Why does indexing numpy arrays with brackets and commas differ in behavior?


This:

x[:, 1]

means "take all indices of x along the first axis, but only index 1 along the second".

This:

x[:][1]

means "take all indices of x along the first axis (so all of x), then take index 1 along the first axis of the result". You're applying the 1 to the wrong axis.

x[1][2] and x[1, 2] are only equivalent because indexing an array with an integer shifts all remaining axes towards the front of the shape, so the first axis of x[1] is the second axis of x. This doesn't generalize at all; you should almost always use commas instead of multiple indexing steps.

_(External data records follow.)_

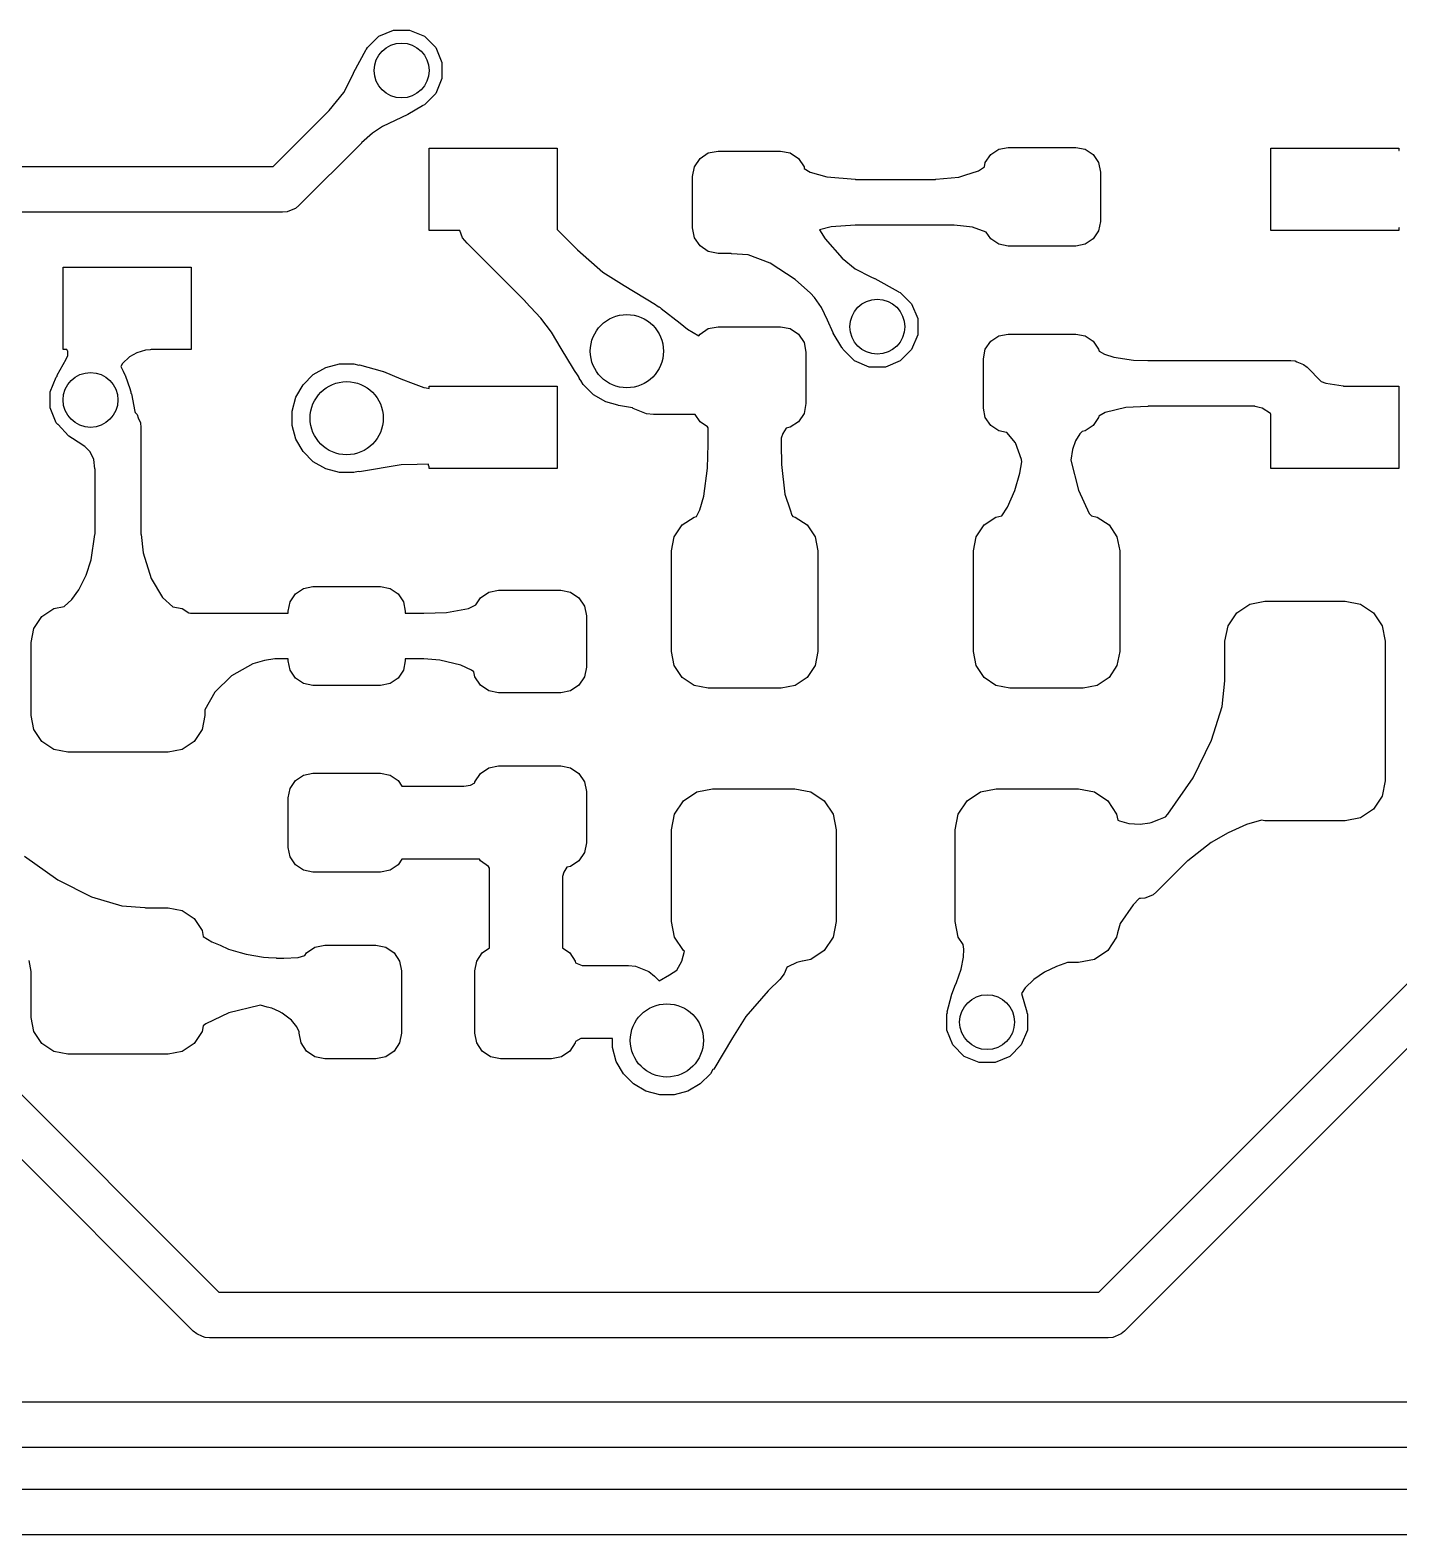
# Model space of a CAD drawing. Extents: x 89 to 178, y -115 to -57.
# Drawn here: x 107.47 to 114.95, y -75.3 to -67.08 of the extents above; entities that cross this region are included whole.
import ezdxf

# ---------------------------------------------------------------- set-up
doc = ezdxf.new("R2010")
doc.units = 0
doc.layers.add('BLACK', color=7, linetype='CONTINUOUS')

msp = doc.modelspace()

# ---------------------------------------------------------------- linework, layer by layer
at = {"layer": 'BLACK', "linetype": 'CONTINUOUS'}
for p, q in [((109.374997, -67.112919), (109.456105, -67.079323)), ((109.456105, -67.079323), (109.543895, -67.079323)), ((109.543895, -67.079323), (109.625003, -67.112919)), ((109.309056, -67.184321), (109.312919, -67.174997)), ((109.312919, -67.174997), (109.374997, -67.112919)), ((109.625003, -67.112919), (109.687081, -67.174997)), ((109.687081, -67.174997), (109.720677, -67.256105)), ((109.236761, -67.31359), (109.306801, -67.186129)), ((109.306801, -67.186129), (109.309056, -67.184321)), ((109.720677, -67.256105), (109.720677, -67.343895)), ((109.184697, -67.4208), (109.227545, -67.334858)), ((109.227545, -67.334858), (109.236282, -67.31457)), ((109.236282, -67.31457), (109.236761, -67.31359)), ((109.103304, -67.518545), (109.184697, -67.4208)), ((109.687081, -67.425003), (109.625003, -67.487081)), ((109.720677, -67.343895), (109.687081, -67.425003)), ((109.614411, -67.493346), (109.534585, -67.540568)), ((109.614912, -67.493032), (109.614411, -67.493346)), ((109.616569, -67.490574), (109.614912, -67.493032)), ((109.625003, -67.487081), (109.616569, -67.490574)), ((108.798224, -67.825), (109.102524, -67.520699)), ((109.102524, -67.520699), (109.103304, -67.518545)), ((109.465115, -67.572466), (109.395213, -67.605684)), ((109.533501, -67.541135), (109.465115, -67.572466)), ((109.534585, -67.540568), (109.533501, -67.541135)), ((109.340435, -67.642892), (109.281499, -67.696081)), ((109.395206, -67.605689), (109.340435, -67.642892)), ((109.395213, -67.605684), (109.395206, -67.605689)), ((109.280251, -67.696524), (108.938388, -68.038388)), ((109.281499, -67.696081), (109.280251, -67.696524)), ((109.65, -68.175), (109.65, -67.725)), ((109.65, -67.725), (110.35, -67.725)), ((110.35, -67.725), (110.35, -68.169718)), ((111.131005, -67.781005), (111.176424, -67.750657)), ((111.176424, -67.750657), (111.23, -67.74)), ((111.23, -67.74), (111.57, -67.74)), ((111.57, -67.74), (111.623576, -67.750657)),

When you slice multi dimension of array, if fewer indices are provided than the number of axes, the missing indices are considered complete slices.Hence, when you are essentially doing when calling x[:][1] is x[:,:][1,:]Therefore, x[:,:] will just return x itself.


The real explanation to this is in the case of 2 brackets [][], the first bracket (x[] ) creates an temporary array referring to the first dimension of the multidimensional array.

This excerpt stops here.